Paglen: I talked to them quite a lot at the early stages of this project. They’re much more optimistic, even sentimental, about the future than I am.
Schmelzer: One difference with The Last Pictures and the 10,000 Year Clock is that people will actually be able to visit the clock. Only through the book and the lecture series can people interface with this notion of a satellite that’s literally launched into space. Is it for this moment, in that regard? Or do you hope that the ephemera around it exist for a long time to remind people, as well?
Paglen: The spacecraft will certainly be visible through a telescope for the rest of my life and yours, and that of anyone you know. But you’re absolutely right that the project is only really accessible through the book or through whatever media we produce around it. You can’t go to the graveyard orbit and look at the artifact mounted to EchoStar XVI, for example. But you’ll be able to go to museums and see what it is that we made.
Schmelzer: You coined the term “experimental geography.” Is this an expansion of that, how we imprint, not just on land but also on space? Is there a term for it? Geospatial geography?
Paglen: Geography is primarily concerned with the surface of the Earth and the dialectical relations that are at the surface. But when you start to look at infrastructures, you realize that the Earth’s infrastructure goes up to about 24,000 miles in the case of geostationary spacecraft, which are very much a part of the Earth’s human environment. Just as there are politics around territory and sovereignty on Earth’s surface, there are similar politics and geographies of orbital space. However, those orbital geographies are, at the same time, very unearthly in the sense that the relationship between territory and politics is very different in space than it is on Earth.
I very much think of this project as not only an intervention into the space of Space, but also into the myths we tell ourselves about space and time.
Schmelzer: The paper you wrote with Joel Weisberg focuses on the map you etched on the disk that’ll be attached to the satellite and how it’s a map not of our location but rather the “epoch of origin”—our time. That notion of “now” is the key to the entire project.

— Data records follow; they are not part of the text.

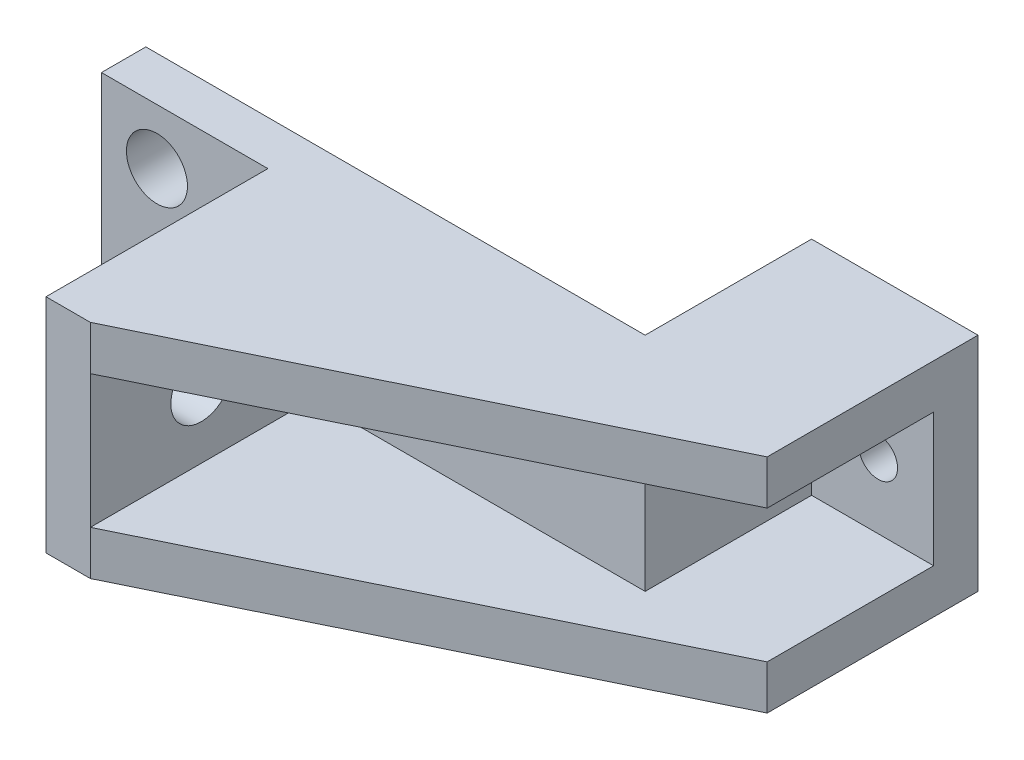
ISO-10303-21;
HEADER;
FILE_DESCRIPTION(('STEP AP214'),'2;1');
FILE_NAME('part.step','',(''),(''),'','','');
FILE_SCHEMA(('AUTOMOTIVE_DESIGN { 1 0 10303 214 1 1 1 1 }'));
ENDSEC;
DATA;
#1=APPLICATION_CONTEXT('core data for automotive mechanical design processes');
#2=APPLICATION_PROTOCOL_DEFINITION('international standard','automotive_design',2000,#1);
#3=PRODUCT_CONTEXT('',#1,'mechanical');
#4=PRODUCT('Part','Part','',(#3));
#5=PRODUCT_RELATED_PRODUCT_CATEGORY('part','',(#4));
#6=PRODUCT_DEFINITION_FORMATION('','',#4);
#7=PRODUCT_DEFINITION_CONTEXT('part definition',#1,'design');
#8=PRODUCT_DEFINITION('design','',#6,#7);
#9=PRODUCT_DEFINITION_SHAPE('','',#8);
#10=(LENGTH_UNIT() NAMED_UNIT(*) SI_UNIT(.MILLI.,.METRE.));
#11=(NAMED_UNIT(*) PLANE_ANGLE_UNIT() SI_UNIT($,.RADIAN.));
#12=(NAMED_UNIT(*) SI_UNIT($,.STERADIAN.) SOLID_ANGLE_UNIT());
#13=UNCERTAINTY_MEASURE_WITH_UNIT(LENGTH_MEASURE(1.E-05),#10,'distance_accuracy_value','');
#14=(GEOMETRIC_REPRESENTATION_CONTEXT(3) GLOBAL_UNCERTAINTY_ASSIGNED_CONTEXT((#13)) GLOBAL_UNIT_ASSIGNED_CONTEXT((#10,
#11,#12)) REPRESENTATION_CONTEXT('',''));
#15=CARTESIAN_POINT('',(0.,0.,0.));
#16=DIRECTION('',(0.,0.,1.));
#17=DIRECTION('',(1.,0.,0.));
#18=AXIS2_PLACEMENT_3D('',#15,#16,#17);
#19=CARTESIAN_POINT('',(0.,-16.,0.));
#20=DIRECTION('',(0.,-1.,0.));
#21=DIRECTION('',(0.,0.,-1.));
#22=AXIS2_PLACEMENT_3D('',#19,#20,#21);
#23=PLANE('',#22);
#24=DIRECTION('',(0.,0.,-1.));
#25=VECTOR('',#24,1.);
#26=CARTESIAN_POINT('',(49.,-16.,4.));
#27=LINE('',#26,#25);
#28=CARTESIAN_POINT('',(49.,-16.,4.));
#29=VERTEX_POINT('',#28);
#30=CARTESIAN_POINT('',(49.,-16.,-11.));
#31=VERTEX_POINT('',#30);
#32=EDGE_CURVE('E161',#29,#31,#27,.T.);
#33=ORIENTED_EDGE('',*,*,#32,.F.);
#34=DIRECTION('',(-1.,0.,0.));
#35=VECTOR('',#34,1.);
#36=CARTESIAN_POINT('',(0.,-16.,4.));
#37=LINE('',#36,#35);
#38=CARTESIAN_POINT('',(19.,-16.,4.));
#39=VERTEX_POINT('',#38);
#40=EDGE_CURVE('E146',#29,#39,#37,.T.);
#41=ORIENTED_EDGE('',*,*,#40,.T.);
#42=DIRECTION('',(0.,0.,1.));
#43=VECTOR('',#42,1.);
#44=CARTESIAN_POINT('',(19.,-16.,0.));
#45=LINE('',#44,#43);
#46=CARTESIAN_POINT('',(19.,-16.,24.));
#47=VERTEX_POINT('',#46);
#48=EDGE_CURVE('E156',#39,#47,#45,.T.);
#49=ORIENTED_EDGE('',*,*,#48,.T.);
#50=DIRECTION('',(0.8987684456439,0.,-0.438423632021414));
#51=VECTOR('',#50,1.);
#52=CARTESIAN_POINT('',(13.1090821720327,-16.,26.873618452667));
#53=LINE('',#52,#51);
#54=CARTESIAN_POINT('',(60.,-16.,4.));
#55=VERTEX_POINT('',#54);
#56=EDGE_CURVE('E223',#47,#55,#53,.T.);
#57=ORIENTED_EDGE('',*,*,#56,.T.);
#58=DIRECTION('',(0.,0.,1.));
#59=VECTOR('',#58,1.);
#60=CARTESIAN_POINT('',(60.,-16.,-11.));
#61=LINE('',#60,#59);
#62=CARTESIAN_POINT('',(60.,-16.,-11.));
#63=VERTEX_POINT('',#62);
#64=EDGE_CURVE('E194',#63,#55,#61,.T.);
#65=ORIENTED_EDGE('',*,*,#64,.F.);
#66=DIRECTION('',(1.,0.,0.));
#67=VECTOR('',#66,1.);
#68=CARTESIAN_POINT('',(60.,-16.,-11.));
#69=LINE('',#68,#67);
#70=EDGE_CURVE('E168',#31,#63,#69,.T.);
#71=ORIENTED_EDGE('',*,*,#70,.F.);
#72=EDGE_LOOP('',(#33,#41,#49,#57,#65,#71));
#73=FACE_BOUND('',#72,.T.);
#74=ADVANCED_FACE('F38',(#73),#23,.F.);
#75=CARTESIAN_POINT('',(0.,-4.,0.));
#76=DIRECTION('',(0.,-1.,0.));
#77=DIRECTION('',(0.,0.,-1.));
#78=AXIS2_PLACEMENT_3D('',#75,#76,#77);
#79=PLANE('',#78);
#80=DIRECTION('',(-1.,0.,0.));
#81=VECTOR('',#80,1.);
#82=CARTESIAN_POINT('',(60.,-4.,4.));
#83=LINE('',#82,#81);
#84=CARTESIAN_POINT('',(49.,-4.,4.));
#85=VERTEX_POINT('',#84);
#86=CARTESIAN_POINT('',(19.,-4.,4.));
#87=VERTEX_POINT('',#86);
#88=EDGE_CURVE('E55',#85,#87,#83,.T.);
#89=ORIENTED_EDGE('',*,*,#88,.F.);
#90=DIRECTION('',(0.,0.,1.));
#91=VECTOR('',#90,1.);
#92=CARTESIAN_POINT('',(49.,-4.,4.));
#93=LINE('',#92,#91);
#94=CARTESIAN_POINT('',(49.,-4.,-11.));
#95=VERTEX_POINT('',#94);
#96=EDGE_CURVE('E164',#95,#85,#93,.T.);
#97=ORIENTED_EDGE('',*,*,#96,.F.);
#98=DIRECTION('',(-1.,0.,0.));
#99=VECTOR('',#98,1.);
#100=CARTESIAN_POINT('',(60.,-4.,-11.));
#101=LINE('',#100,#99);
#102=CARTESIAN_POINT('',(60.,-4.,-11.));
#103=VERTEX_POINT('',#102);
#104=EDGE_CURVE('E190',#103,#95,#101,.T.);
#105=ORIENTED_EDGE('',*,*,#104,.F.);
#106=DIRECTION('',(0.,0.,1.));
#107=VECTOR('',#106,1.);
#108=CARTESIAN_POINT('',(60.,-4.,-11.));
#109=LINE('',#108,#107);
#110=CARTESIAN_POINT('',(60.,-4.,4.));
#111=VERTEX_POINT('',#110);
#112=EDGE_CURVE('E63',#103,#111,#109,.T.);
#113=ORIENTED_EDGE('',*,*,#112,.T.);
#114=DIRECTION('',(0.8987684456439,0.,-0.438423632021414));
#115=VECTOR('',#114,1.);
#116=CARTESIAN_POINT('',(19.,-4.,24.));
#117=LINE('',#116,#115);
#118=CARTESIAN_POINT('',(19.,-4.,24.));
#119=VERTEX_POINT('',#118);
#120=EDGE_CURVE('E213',#119,#111,#117,.T.);
#121=ORIENTED_EDGE('',*,*,#120,.F.);
#122=DIRECTION('',(0.,0.,1.));
#123=VECTOR('',#122,1.);
#124=CARTESIAN_POINT('',(19.,-4.,4.));
#125=LINE('',#124,#123);
#126=EDGE_CURVE('E210',#87,#119,#125,.T.);
#127=ORIENTED_EDGE('',*,*,#126,.F.);
#128=EDGE_LOOP('',(#89,#97,#105,#113,#121,#127));
#129=FACE_BOUND('',#128,.T.);
#130=ADVANCED_FACE('F297',(#129),#79,.T.);
#131=CARTESIAN_POINT('',(0.,0.,-11.));
#132=DIRECTION('',(0.,0.,1.));
#133=DIRECTION('',(1.,0.,0.));
#134=AXIS2_PLACEMENT_3D('',#131,#132,#133);
#135=PLANE('',#134);
#136=CARTESIAN_POINT('',(55.,-10.,-11.));
#137=DIRECTION('',(0.,0.,1.));
#138=DIRECTION('',(1.,0.,0.));
#139=AXIS2_PLACEMENT_3D('',#136,#137,#138);
#140=CIRCLE('',#139,1.75);
#141=CARTESIAN_POINT('',(56.75,-10.,-11.));
#142=VERTEX_POINT('',#141);
#143=EDGE_CURVE('E196',#142,#142,#140,.T.);
#144=ORIENTED_EDGE('',*,*,#143,.F.);
#145=EDGE_LOOP('',(#144));
#146=FACE_BOUND('',#145,.T.);
#147=ORIENTED_EDGE('',*,*,#104,.T.);
#148=DIRECTION('',(0.,1.,0.));
#149=VECTOR('',#148,1.);
#150=CARTESIAN_POINT('',(49.,-16.,-11.));
#151=LINE('',#150,#149);
#152=EDGE_CURVE('E169',#31,#95,#151,.T.);
#153=ORIENTED_EDGE('',*,*,#152,.F.);
#154=ORIENTED_EDGE('',*,*,#70,.T.);
#155=DIRECTION('',(0.,1.,0.));
#156=VECTOR('',#155,1.);
#157=CARTESIAN_POINT('',(60.,-16.,-11.));
#158=LINE('',#157,#156);
#159=EDGE_CURVE('E187',#63,#103,#158,.T.);
#160=ORIENTED_EDGE('',*,*,#159,.T.);
#161=EDGE_LOOP('',(#147,#153,#154,#160));
#162=FACE_BOUND('',#161,.T.);
#163=ADVANCED_FACE('F294',(#146,#162),#135,.T.);
#164=CARTESIAN_POINT('',(55.,-10.,4.));
#165=DIRECTION('',(0.,0.,-1.));
#166=DIRECTION('',(-1.,0.,0.));
#167=AXIS2_PLACEMENT_3D('',#164,#165,#166);
#168=CYLINDRICAL_SURFACE('',#167,1.75);
#169=CARTESIAN_POINT('',(55.,-10.,-15.));
#170=DIRECTION('',(0.,0.,-1.));
#171=DIRECTION('',(-1.,0.,0.));
#172=AXIS2_PLACEMENT_3D('',#169,#170,#171);
#173=CIRCLE('',#172,1.75);
#174=CARTESIAN_POINT('',(53.25,-10.,-15.));
#175=VERTEX_POINT('',#174);
#176=EDGE_CURVE('E198',#175,#175,#173,.T.);
#177=ORIENTED_EDGE('',*,*,#176,.T.);
#178=EDGE_LOOP('',(#177));
#179=FACE_BOUND('',#178,.T.);
#180=ORIENTED_EDGE('',*,*,#143,.T.);
#181=EDGE_LOOP('',(#180));
#182=FACE_BOUND('',#181,.T.);
#183=ADVANCED_FACE('F292',(#179,#182),#168,.F.);
#184=CARTESIAN_POINT('',(0.,0.,0.));
#185=DIRECTION('',(0.,0.,1.));
#186=DIRECTION('',(1.,0.,0.));
#187=AXIS2_PLACEMENT_3D('',#184,#185,#186);
#188=PLANE('',#187);
#189=CARTESIAN_POINT('',(5.,-5.,0.));
#190=DIRECTION('',(0.,0.,1.));
#191=DIRECTION('',(1.,0.,0.));
#192=AXIS2_PLACEMENT_3D('',#189,#190,#191);
#193=CIRCLE('',#192,2.75);
#194=CARTESIAN_POINT('',(7.75,-5.,0.));
#195=VERTEX_POINT('',#194);
#196=EDGE_CURVE('E258',#195,#195,#193,.T.);
#197=ORIENTED_EDGE('',*,*,#196,.T.);
#198=EDGE_LOOP('',(#197));
#199=FACE_BOUND('',#198,.T.);
#200=CARTESIAN_POINT('',(5.,-15.,0.));
#201=DIRECTION('',(0.,0.,1.));
#202=DIRECTION('',(1.,0.,0.));
#203=AXIS2_PLACEMENT_3D('',#200,#201,#202);
#204=CIRCLE('',#203,2.75);
#205=CARTESIAN_POINT('',(7.75,-15.,0.));
#206=VERTEX_POINT('',#205);
#207=EDGE_CURVE('E254',#206,#206,#204,.T.);
#208=ORIENTED_EDGE('',*,*,#207,.T.);
#209=EDGE_LOOP('',(#208));
#210=FACE_BOUND('',#209,.T.);
#211=DIRECTION('',(-1.,0.,0.));
#212=VECTOR('',#211,1.);
#213=CARTESIAN_POINT('',(0.,0.,0.));
#214=LINE('',#213,#212);
#215=CARTESIAN_POINT('',(45.,0.,0.));
#216=VERTEX_POINT('',#215);
#217=CARTESIAN_POINT('',(0.,0.,0.));
#218=VERTEX_POINT('',#217);
#219=EDGE_CURVE('E271',#216,#218,#214,.T.);
#220=ORIENTED_EDGE('',*,*,#219,.F.);
#221=DIRECTION('',(0.,-1.,0.));
#222=VECTOR('',#221,1.);
#223=CARTESIAN_POINT('',(45.,-20.,0.));
#224=LINE('',#223,#222);
#225=CARTESIAN_POINT('',(45.,-20.,0.));
#226=VERTEX_POINT('',#225);
#227=EDGE_CURVE('E177',#216,#226,#224,.T.);
#228=ORIENTED_EDGE('',*,*,#227,.T.);
#229=DIRECTION('',(1.,0.,0.));
#230=VECTOR('',#229,1.);
#231=CARTESIAN_POINT('',(0.,-20.,0.));
#232=LINE('',#231,#230);
#233=CARTESIAN_POINT('',(0.,-20.,0.));
#234=VERTEX_POINT('',#233);
#235=EDGE_CURVE('E281',#234,#226,#232,.T.);
#236=ORIENTED_EDGE('',*,*,#235,.F.);
#237=DIRECTION('',(0.,-1.,0.));
#238=VECTOR('',#237,1.);
#239=CARTESIAN_POINT('',(0.,0.,0.));
#240=LINE('',#239,#238);
#241=EDGE_CURVE('E264',#218,#234,#240,.T.);
#242=ORIENTED_EDGE('',*,*,#241,.F.);
#243=EDGE_LOOP('',(#220,#228,#236,#242));
#244=FACE_BOUND('',#243,.T.);
#245=ADVANCED_FACE('F341',(#199,#210,#244),#188,.F.);
#246=CARTESIAN_POINT('',(0.,0.,4.));
#247=DIRECTION('',(0.,0.,1.));
#248=DIRECTION('',(1.,0.,0.));
#249=AXIS2_PLACEMENT_3D('',#246,#247,#248);
#250=PLANE('',#249);
#251=ORIENTED_EDGE('',*,*,#40,.F.);
#252=DIRECTION('',(0.,-1.,0.));
#253=VECTOR('',#252,1.);
#254=CARTESIAN_POINT('',(49.,-16.,4.));
#255=LINE('',#254,#253);
#256=EDGE_CURVE('E149',#85,#29,#255,.T.);
#257=ORIENTED_EDGE('',*,*,#256,.F.);
#258=ORIENTED_EDGE('',*,*,#88,.T.);
#259=DIRECTION('',(0.,1.,0.));
#260=VECTOR('',#259,1.);
#261=CARTESIAN_POINT('',(19.,0.,4.));
#262=LINE('',#261,#260);
#263=EDGE_CURVE('E150',#39,#87,#262,.T.);
#264=ORIENTED_EDGE('',*,*,#263,.F.);
#265=EDGE_LOOP('',(#251,#257,#258,#264));
#266=FACE_BOUND('',#265,.T.);
#267=ADVANCED_FACE('F148',(#266),#250,.T.);
#268=CARTESIAN_POINT('',(19.,0.,24.));
#269=DIRECTION('',(1.,0.,0.));
#270=DIRECTION('',(0.,1.,0.));
#271=AXIS2_PLACEMENT_3D('',#268,#269,#270);
#272=PLANE('',#271);
#273=CARTESIAN_POINT('',(19.,-10.,14.));
#274=DIRECTION('',(1.,0.,0.));
#275=DIRECTION('',(0.,1.,0.));
#276=AXIS2_PLACEMENT_3D('',#273,#274,#275);
#277=CIRCLE('',#276,2.75);
#278=CARTESIAN_POINT('',(19.,-7.25,14.));
#279=VERTEX_POINT('',#278);
#280=EDGE_CURVE('E183',#279,#279,#277,.T.);
#281=ORIENTED_EDGE('',*,*,#280,.F.);
#282=EDGE_LOOP('',(#281));
#283=FACE_BOUND('',#282,.T.);
#284=ORIENTED_EDGE('',*,*,#126,.T.);
#285=DIRECTION('',(0.,-1.,0.));
#286=VECTOR('',#285,1.);
#287=CARTESIAN_POINT('',(19.,0.,24.));
#288=LINE('',#287,#286);
#289=EDGE_CURVE('E237',#119,#47,#288,.T.);
#290=ORIENTED_EDGE('',*,*,#289,.T.);
#291=ORIENTED_EDGE('',*,*,#48,.F.);
#292=ORIENTED_EDGE('',*,*,#263,.T.);
#293=EDGE_LOOP('',(#284,#290,#291,#292));
#294=FACE_BOUND('',#293,.T.);
#295=ADVANCED_FACE('F302',(#283,#294),#272,.T.);
#296=DIRECTION('',(0.,-1.,0.));
#297=VECTOR('',#296,1.);
#298=CARTESIAN_POINT('',(15.,0.,4.));
#299=LINE('',#298,#297);
#300=CARTESIAN_POINT('',(15.,0.,4.));
#301=VERTEX_POINT('',#300);
#302=CARTESIAN_POINT('',(15.,-20.,4.));
#303=VERTEX_POINT('',#302);
#304=EDGE_CURVE('E251',#301,#303,#299,.T.);
#305=ORIENTED_EDGE('',*,*,#304,.F.);
#306=DIRECTION('',(-1.,0.,0.));
#307=VECTOR('',#306,1.);
#308=CARTESIAN_POINT('',(0.,0.,4.));
#309=LINE('',#308,#307);
#310=CARTESIAN_POINT('',(0.,0.,4.));
#311=VERTEX_POINT('',#310);
#312=EDGE_CURVE('E276',#301,#311,#309,.T.);
#313=ORIENTED_EDGE('',*,*,#312,.T.);
#314=DIRECTION('',(0.,-1.,0.));
#315=VECTOR('',#314,1.);
#316=CARTESIAN_POINT('',(0.,0.,4.));
#317=LINE('',#316,#315);
#318=CARTESIAN_POINT('',(0.,-20.,4.));
#319=VERTEX_POINT('',#318);
#320=EDGE_CURVE('E267',#311,#319,#317,.T.);
#321=ORIENTED_EDGE('',*,*,#320,.T.);
#322=DIRECTION('',(1.,0.,0.));
#323=VECTOR('',#322,1.);
#324=CARTESIAN_POINT('',(0.,-20.,4.));
#325=LINE('',#324,#323);
#326=EDGE_CURVE('E270',#319,#303,#325,.T.);
#327=ORIENTED_EDGE('',*,*,#326,.T.);
#328=EDGE_LOOP('',(#305,#313,#321,#327));
#329=FACE_BOUND('',#328,.T.);
#330=CARTESIAN_POINT('',(5.,-5.,4.));
#331=DIRECTION('',(0.,0.,1.));
#332=DIRECTION('',(1.,0.,0.));
#333=AXIS2_PLACEMENT_3D('',#330,#331,#332);
#334=CIRCLE('',#333,2.75);
#335=CARTESIAN_POINT('',(7.75,-5.,4.));
#336=VERTEX_POINT('',#335);
#337=EDGE_CURVE('E261',#336,#336,#334,.T.);
#338=ORIENTED_EDGE('',*,*,#337,.F.);
#339=EDGE_LOOP('',(#338));
#340=FACE_BOUND('',#339,.T.);
#341=CARTESIAN_POINT('',(5.,-15.,4.));
#342=DIRECTION('',(0.,0.,1.));
#343=DIRECTION('',(1.,0.,0.));
#344=AXIS2_PLACEMENT_3D('',#341,#342,#343);
#345=CIRCLE('',#344,2.75);
#346=CARTESIAN_POINT('',(7.75,-15.,4.));
#347=VERTEX_POINT('',#346);
#348=EDGE_CURVE('E255',#347,#347,#345,.T.);
#349=ORIENTED_EDGE('',*,*,#348,.F.);
#350=EDGE_LOOP('',(#349));
#351=FACE_BOUND('',#350,.T.);
#352=ADVANCED_FACE('F345',(#329,#340,#351),#250,.T.);
#353=CARTESIAN_POINT('',(0.,0.,4.));
#354=DIRECTION('',(1.,0.,0.));
#355=DIRECTION('',(0.,1.,0.));
#356=AXIS2_PLACEMENT_3D('',#353,#354,#355);
#357=PLANE('',#356);
#358=ORIENTED_EDGE('',*,*,#241,.T.);
#359=DIRECTION('',(0.,0.,-1.));
#360=VECTOR('',#359,1.);
#361=CARTESIAN_POINT('',(0.,-20.,4.));
#362=LINE('',#361,#360);
#363=EDGE_CURVE('E12',#319,#234,#362,.T.);
#364=ORIENTED_EDGE('',*,*,#363,.F.);
#365=ORIENTED_EDGE('',*,*,#320,.F.);
#366=DIRECTION('',(0.,0.,-1.));
#367=VECTOR('',#366,1.);
#368=CARTESIAN_POINT('',(0.,0.,4.));
#369=LINE('',#368,#367);
#370=EDGE_CURVE('E278',#311,#218,#369,.T.);
#371=ORIENTED_EDGE('',*,*,#370,.T.);
#372=EDGE_LOOP('',(#358,#364,#365,#371));
#373=FACE_BOUND('',#372,.T.);
#374=ADVANCED_FACE('F40',(#373),#357,.F.);
#375=CARTESIAN_POINT('',(0.,-20.,4.));
#376=DIRECTION('',(0.,1.,0.));
#377=DIRECTION('',(0.,0.,1.));
#378=AXIS2_PLACEMENT_3D('',#375,#376,#377);
#379=PLANE('',#378);
#380=ORIENTED_EDGE('',*,*,#235,.T.);
#381=DIRECTION('',(0.,0.,-1.));
#382=VECTOR('',#381,1.);
#383=CARTESIAN_POINT('',(45.,-20.,36.0555127546399));
#384=LINE('',#383,#382);
#385=CARTESIAN_POINT('',(45.,-20.,-15.));
#386=VERTEX_POINT('',#385);
#387=EDGE_CURVE('E180',#226,#386,#384,.T.);
#388=ORIENTED_EDGE('',*,*,#387,.T.);
#389=DIRECTION('',(-1.,0.,0.));
#390=VECTOR('',#389,1.);
#391=CARTESIAN_POINT('',(60.,-20.,-15.));
#392=LINE('',#391,#390);
#393=CARTESIAN_POINT('',(60.,-20.,-15.));
#394=VERTEX_POINT('',#393);
#395=EDGE_CURVE('E204',#394,#386,#392,.T.);
#396=ORIENTED_EDGE('',*,*,#395,.F.);
#397=DIRECTION('',(0.,0.,-1.));
#398=VECTOR('',#397,1.);
#399=CARTESIAN_POINT('',(60.,-20.,4.));
#400=LINE('',#399,#398);
#401=CARTESIAN_POINT('',(60.,-20.,4.));
#402=VERTEX_POINT('',#401);
#403=EDGE_CURVE('E47',#402,#394,#400,.T.);
#404=ORIENTED_EDGE('',*,*,#403,.F.);
#405=DIRECTION('',(0.8987684456439,0.,-0.438423632021414));
#406=VECTOR('',#405,1.);
#407=CARTESIAN_POINT('',(13.1090821720327,-20.,26.873618452667));
#408=LINE('',#407,#406);
#409=CARTESIAN_POINT('',(19.,-20.,24.));
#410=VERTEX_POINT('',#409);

Paglen: Yes, exactly. To sum the project up, it’s a silent film about struggling with the deeply contradictory aspects of this contemporary historical moment. To me, the spacecraft itself is a congealed metaphor for a moment when we’re killing ourselves and know exactly how we’re doing it, but going ahead with it all anyway. This vehicle will go in orbit, work for about 15 years, go up to a graveyard orbit, and remain there forever. So that spacecraft itself is something of a relic from a long-gone society. It’s a kind of memento mori, in that sense. But ultimately, the point is not to explain to some kind of space-faring squid four billion years from now what happened to the humans so much as to create a way for us to think about what we’re doing here and now.